I am trying to learn multi-threaded programming using openmp.
To begin with, I was testing out a nested loop with a large number of array access operations, and then parallelizing it. I am attaching the code below. Basically, I have this fairly large array tmp in the interior loop, and if I make it shared so that every thread can access and change it, my code actually slows down with increasing number of threads. I have written it so that every thread writes the exact same values to array tmp. When I make tmp private, I get speed up proportional to the number of threads.
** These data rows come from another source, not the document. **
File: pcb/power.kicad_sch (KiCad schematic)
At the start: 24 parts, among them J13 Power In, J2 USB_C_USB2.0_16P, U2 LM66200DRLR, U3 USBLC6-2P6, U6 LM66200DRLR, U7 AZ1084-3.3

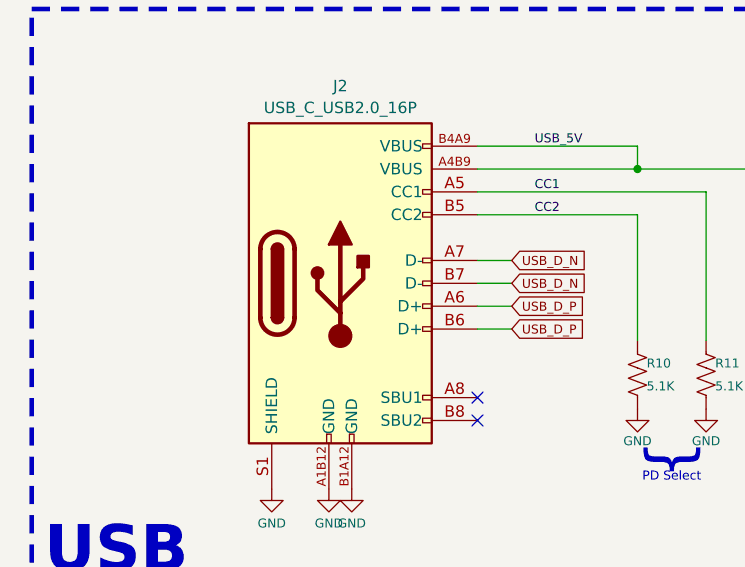
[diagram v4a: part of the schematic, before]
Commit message: Fixed MPN mismatches and other fields
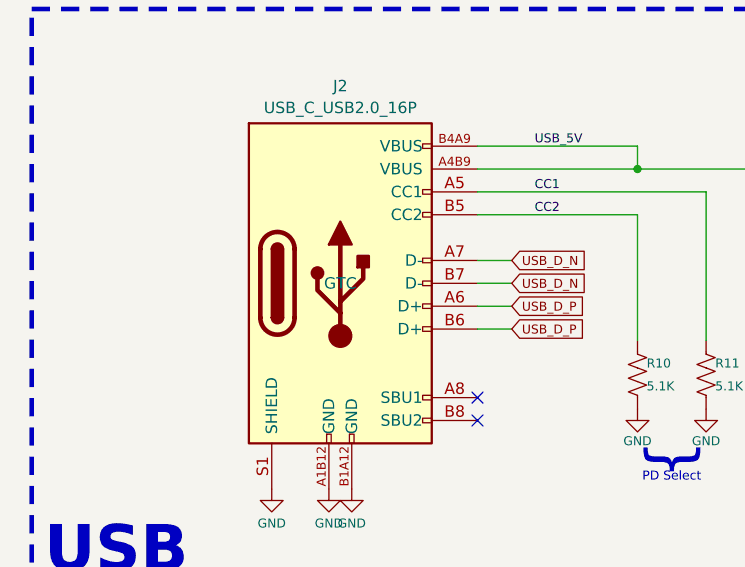
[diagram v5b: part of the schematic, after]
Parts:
- D20, D3: MF (none) -> Nexperia
- D23, D24: MF (none) -> XINGLIGHT
- D25: MF (none) -> FUXINSEMI; MN (none) -> FUXINSEMI
- J13: MF (none) -> JST
- J2: MF (none) -> GTC
- R15: MF (none) -> FOJAN
- R16: MF (none) -> Vishay
- U2, U6: MF (none) -> Texas Instruments
- U7: MF (none) -> Diodes Incorporated

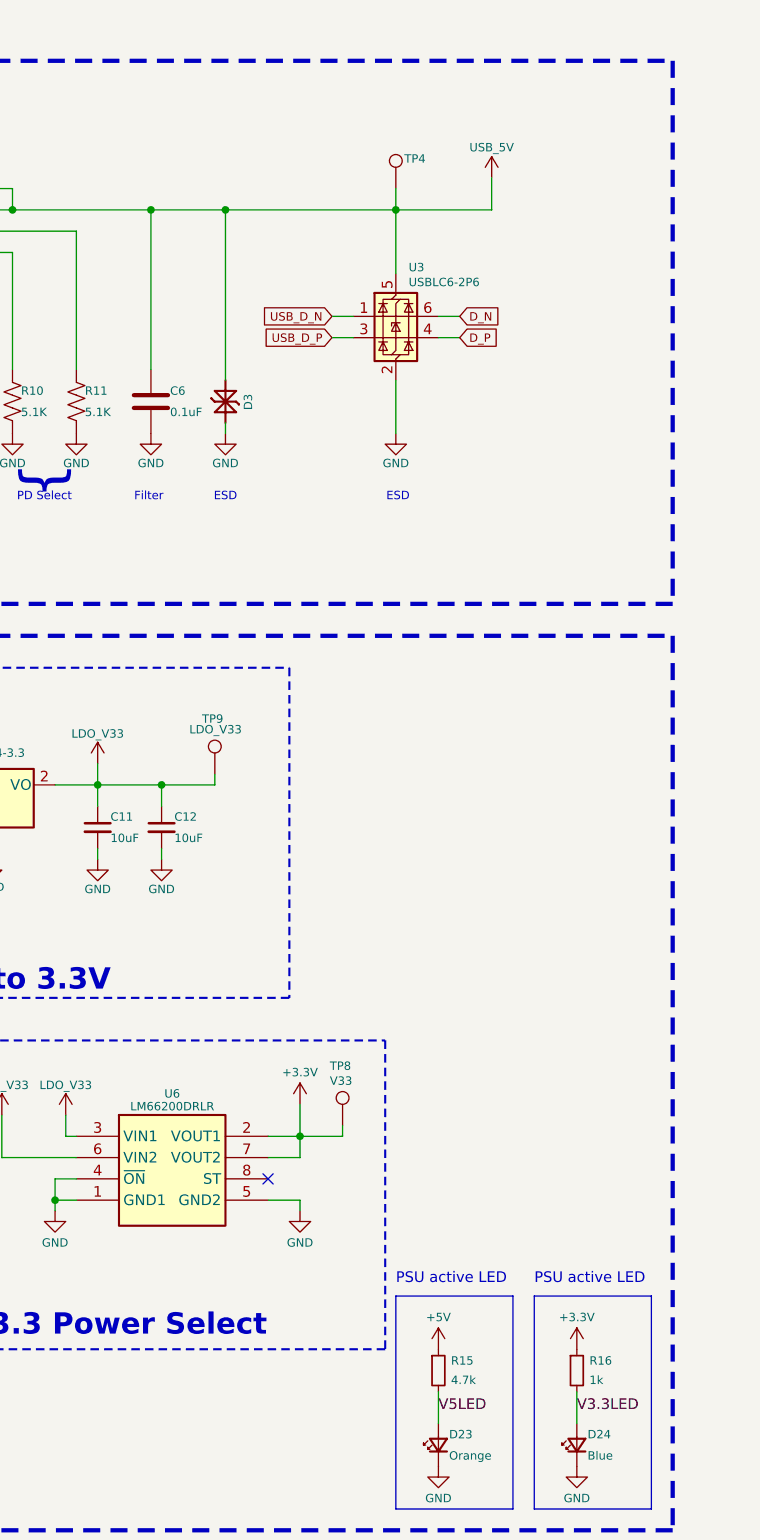
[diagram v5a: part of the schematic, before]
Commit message: Removed duplicative ESB on USB
Updated descriptions for consistency
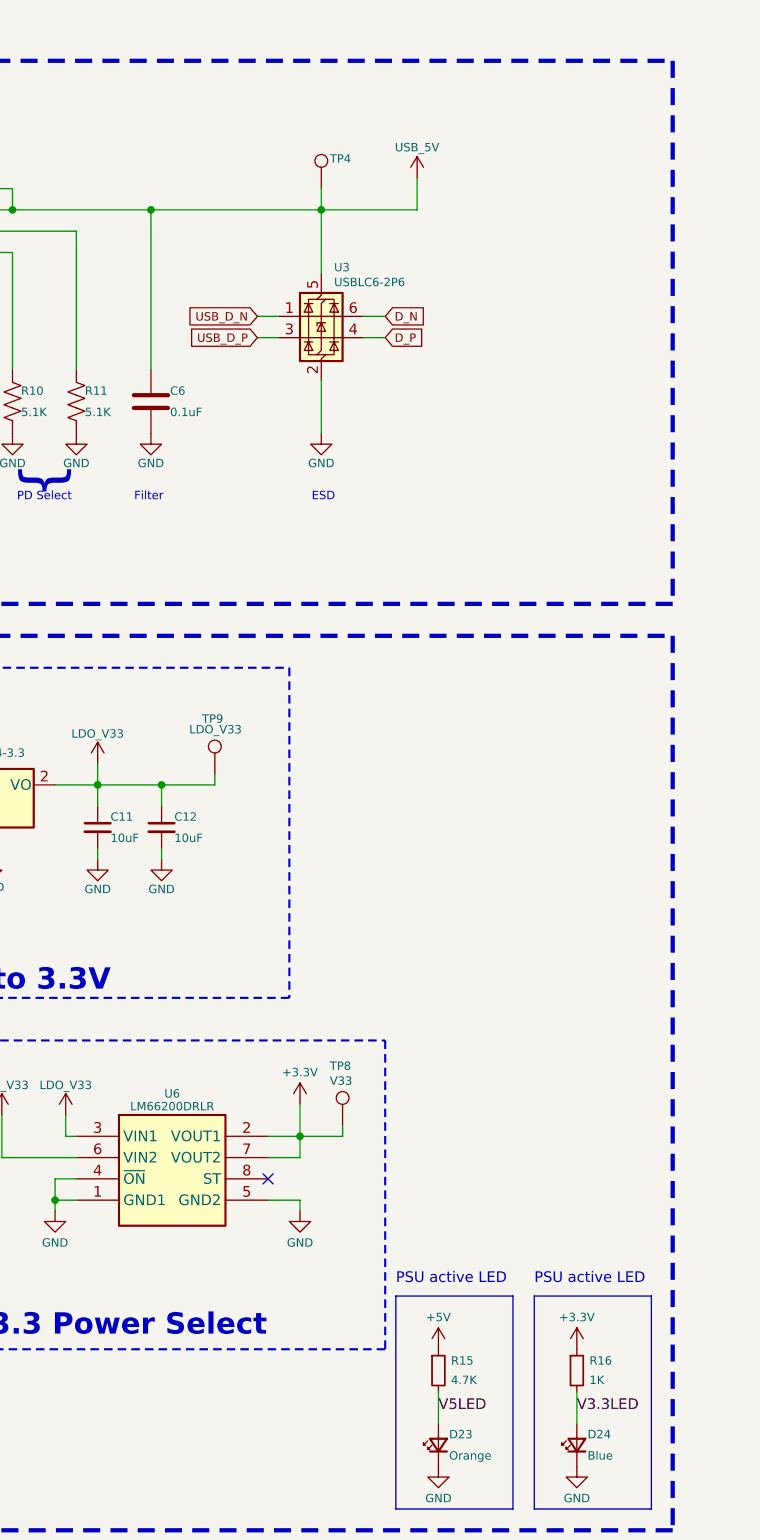
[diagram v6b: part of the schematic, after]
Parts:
- removed D3: PESD5V5C1BL, CRGM Passive:DFN1006-2, symbol CRGM Passive:PESD5V5C1BLYL
- R15: value 4.7k -> 4.7K
- R16: value 1k -> 1K
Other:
- moved on the sheet: TP4, U3

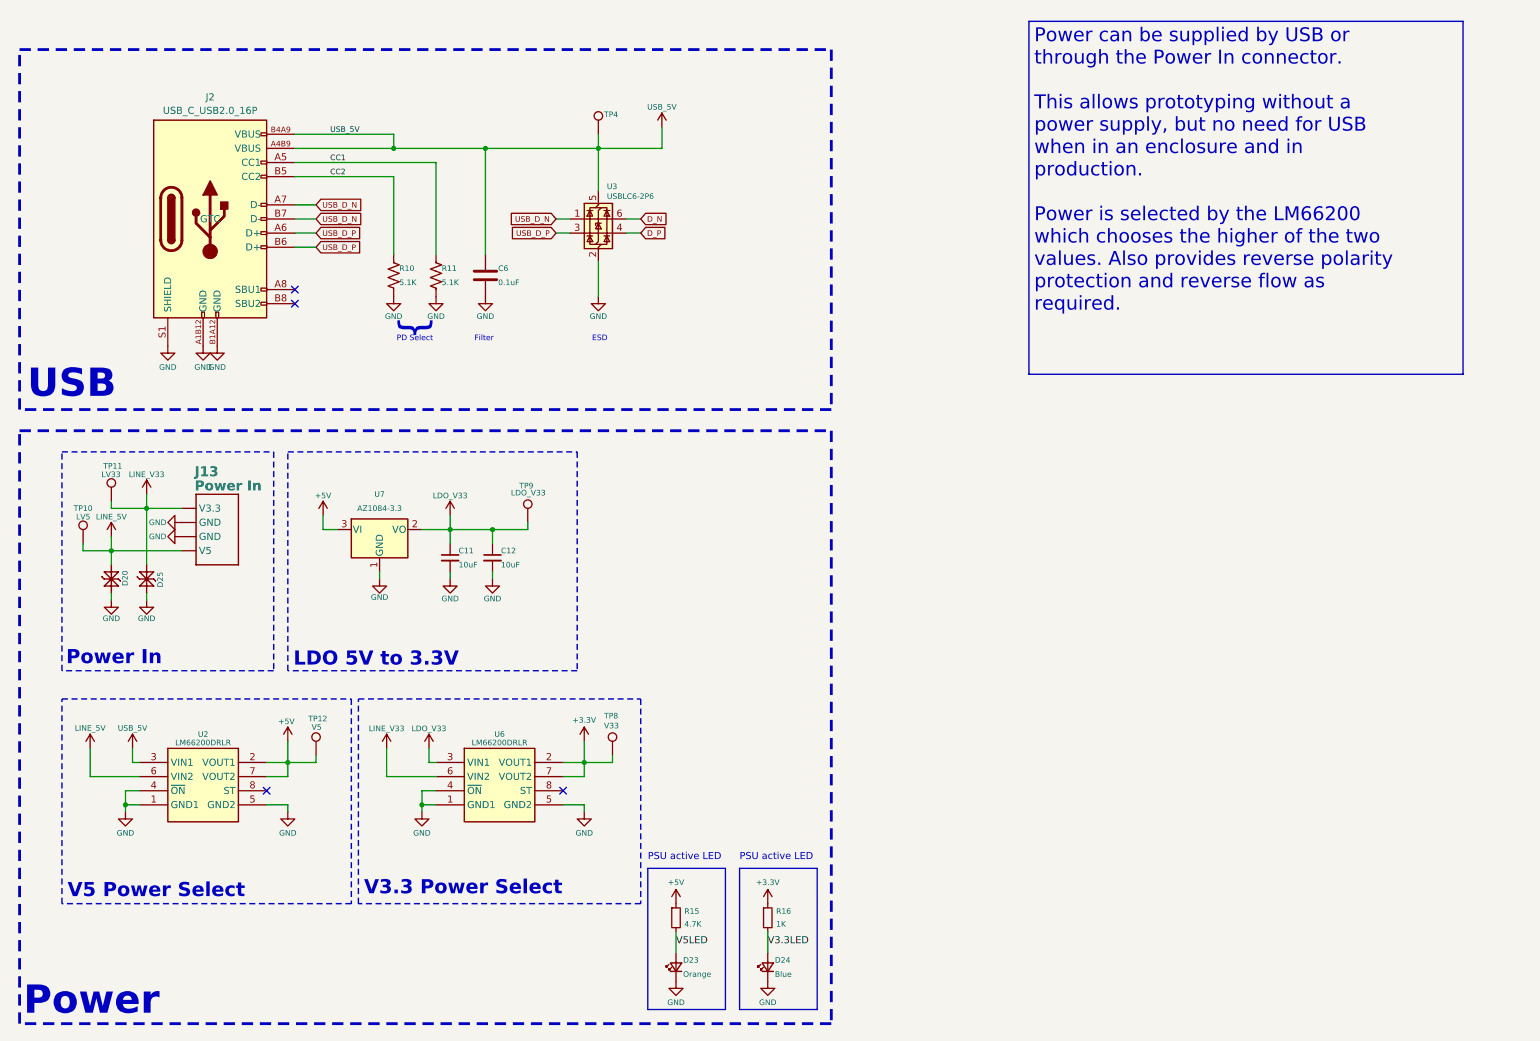
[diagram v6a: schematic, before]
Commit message: Fixed cap values on reset button
Fixed all part numbers and extended parameters.
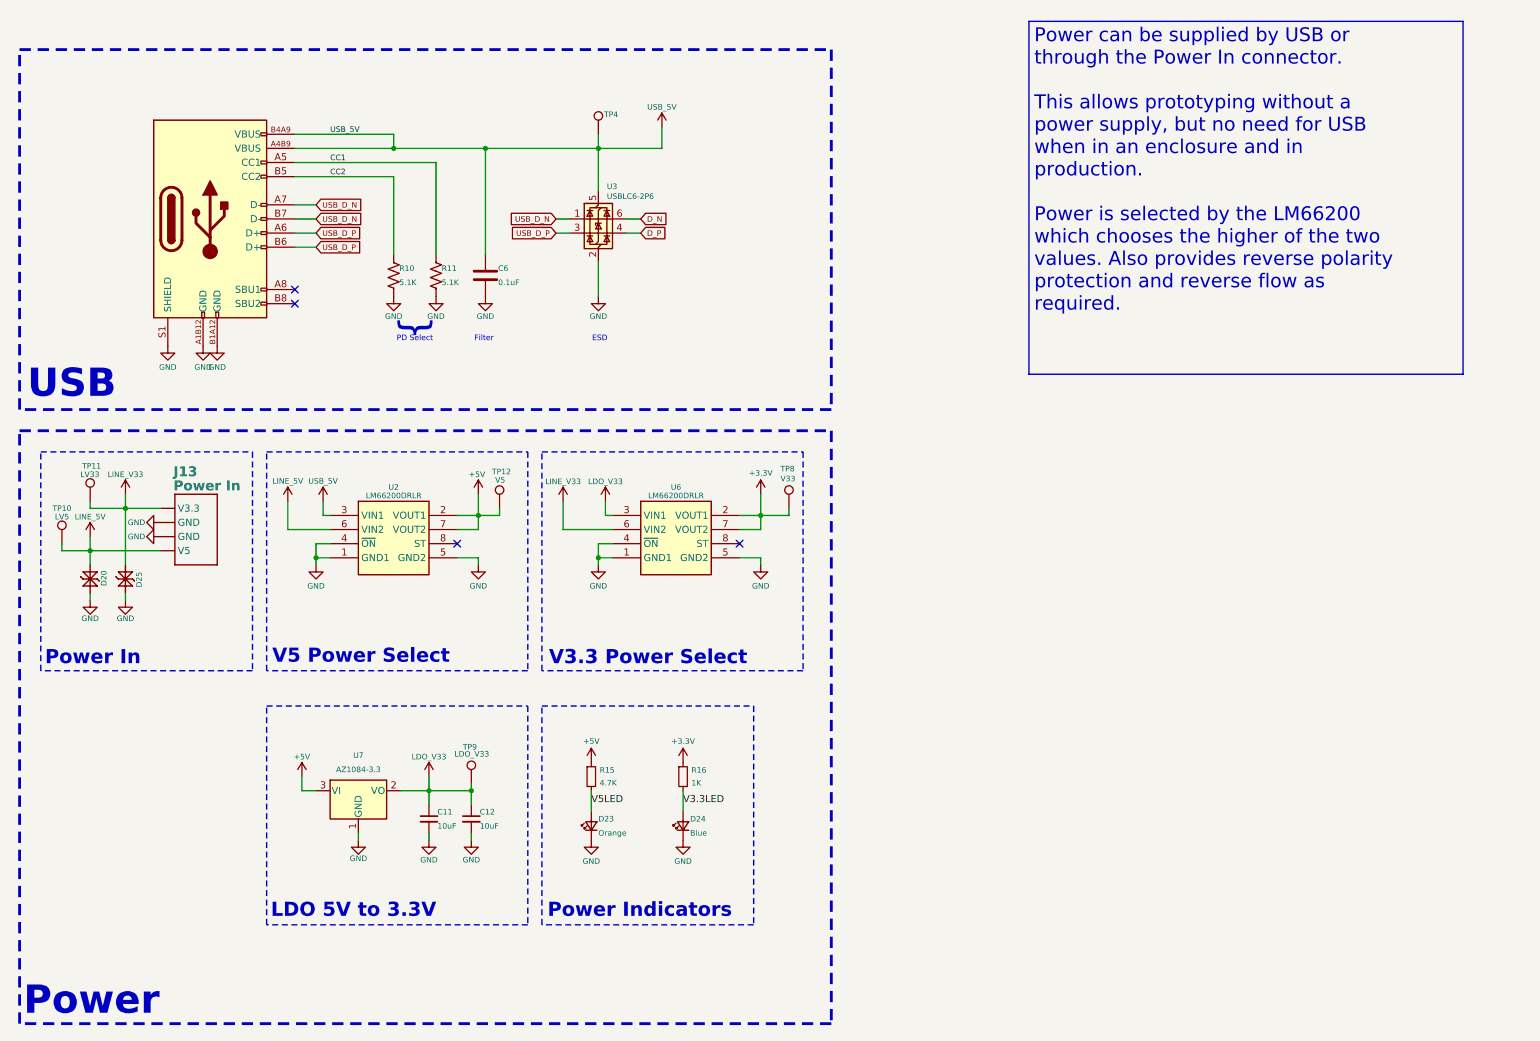
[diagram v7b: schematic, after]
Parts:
- C11, C12: MF Samsung -> (none)
- C6: Digikey (none) -> 1276-1005-2-ND; LCSC_PN C66501 -> (none); MF Samsung -> (none); Mouser (none) -> 187-CL10B104KO8NNNC
- D20: MF Nexperia -> (none)
- D23, D24: MF XINGLIGHT -> (none)
- D25: MF FUXINSEMI -> (none); MPN (none) -> LESD8D3.3CAT5G
- J13: MF JST -> (none)
- J2: MF GTC -> (none)
- R10, R11: Digikey (none) -> 118-CR0603-JW-512ELFTR-ND; LCSC_PN C2907114 -> (none); MF FOJAN -> (none); Mouser (none) -> 652-CR0603JW-512ELF
- R15: Digikey 541-3993-2-ND -> CR0603-JW-472ELFTR-ND; MF FOJAN -> (none); Mouser 71-CRCW06034K70JNEAC -> 652-CR0603-JW-472ELF
- R16: Digikey 541-1.00KHTR-ND -> CR0603-JW-102ELFTR-ND; MF Vishay -> (none); MN Vishay -> FOJAN; MPN CRCW06031K00FKEA -> FRC0603J102 TS; Mouser 71-CRCW0603-1.0K-E3 -> 652-CR0603-JW-102ELF
- U2, U6: LCSC_PN C3235556 -> (none); MF Texas Instruments -> (none)
- U3: Digikey (none) -> 497-5026-2-ND; LCSC_PN C2827693 -> (none); MF TECH PUBLIC -> (none); Mouser (none) -> 511-USBLC6-2P6
- U7: MF Diodes Incorporated -> (none)
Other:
- note added: "Power Indicators"
- note removed: "PSU active LED"
- moved on the sheet: C11, C12, D20, D23, D24, D25, J13, R15, R16, TP10, TP11, TP12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

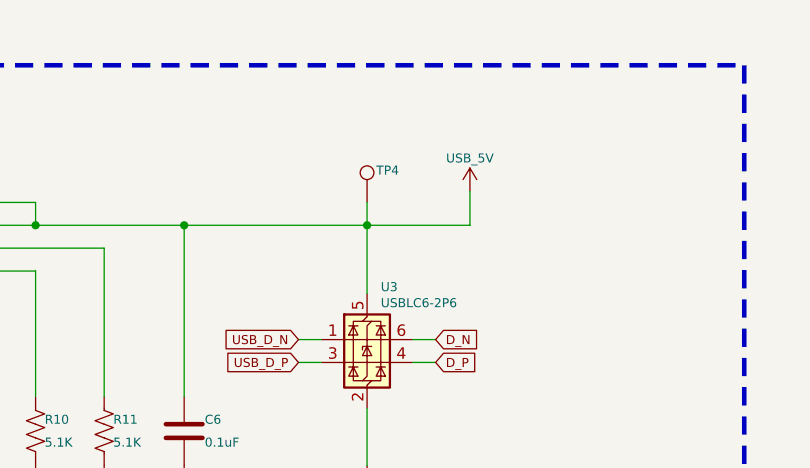
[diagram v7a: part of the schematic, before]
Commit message: Rationalized attributes; excluded some footprints from BOM
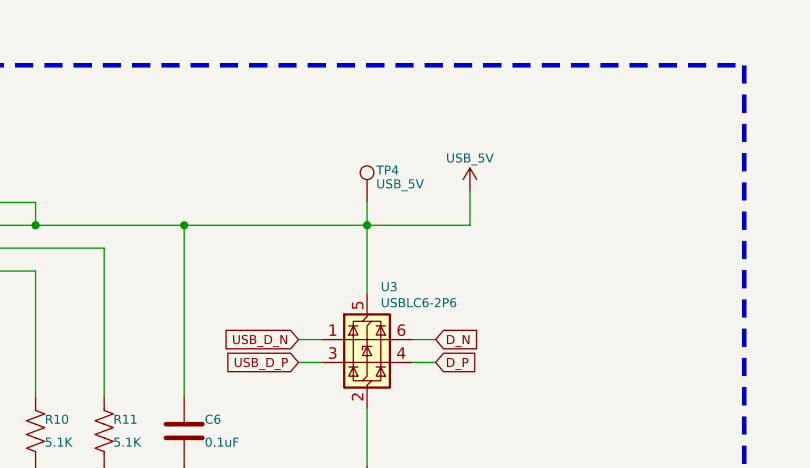
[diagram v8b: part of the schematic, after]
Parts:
- TP10, TP11, TP4: now left out of the parts list
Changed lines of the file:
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@@
 		(unit 1)
 		(exclude_from_sim no)
-		(in_bom yes)
+		(in_bom no)
 		(on_board yes)
 		(dnp no)
@@
 		(unit 1)
 		(exclude_from_sim no)
-		(in_bom yes)
+		(in_bom no)
 		(on_board yes)
 		(dnp no)
@@
 		(unit 1)
 		(exclude_from_sim no)
-		(in_bom yes)
+		(in_bom no)
 		(on_board yes)
 		(dnp no)
@@
 				)
 				(justify left)
-				(hide yes)
 			)
 		)
@@
 			(at 128.27 35.56 0)
 			(effects
+				(font
+					(size 1.27 1.27)
+				)
+				(hide yes)
+			)
+		)
+		(property "LCSC" ""
+			(at 128.27 35.56 0)
+			(effects
+				(font
+					(size 1.27 1.27)
+				)
+				(hide yes)
+			)
+		)
+		(property "Digikey" ""
+			(at 128.27 35.56 0)
+			(effects
+				(font
+					(size 1.27 1.27)
+				)
+				(hide yes)
+			)
+		)
+		(property "Mouser" ""
+			(at 128.27 35.56 0)
+			(effects

The no. of operations seem to me to be exactly the same in both cases. Why is it slowing down when tmp is shared ? Is it because different threads try to access the same address at the same time ?
int main(){
int k,m,n,dummy_cntr=5000,nthread=10,id;
long num=10000000;
double x[num],tmp[dummy_cntr];
double tm,fact;
clock_t st,fn;
st=clock();
omp_set_num_threads(nthread);
#pragma omp parallel private(tmp)
{
id = omp_get_thread_num();
printf("Thread no. %d \n",id);
#pragma omp for
for (k=0; k<num; k++){
x[k]=k+1;
for (m=0; m<dummy_cntr; m++){
tmp[m] = m;
}
}
}
fn=clock();
tm=(fn-st)/CLOCKS_PER_SEC;
}
P.S.: I am aware that using clock() here doesn't really give the correct time. I have to divide it by the no. of threads in this case to get a similar output as given by "time ./a.out".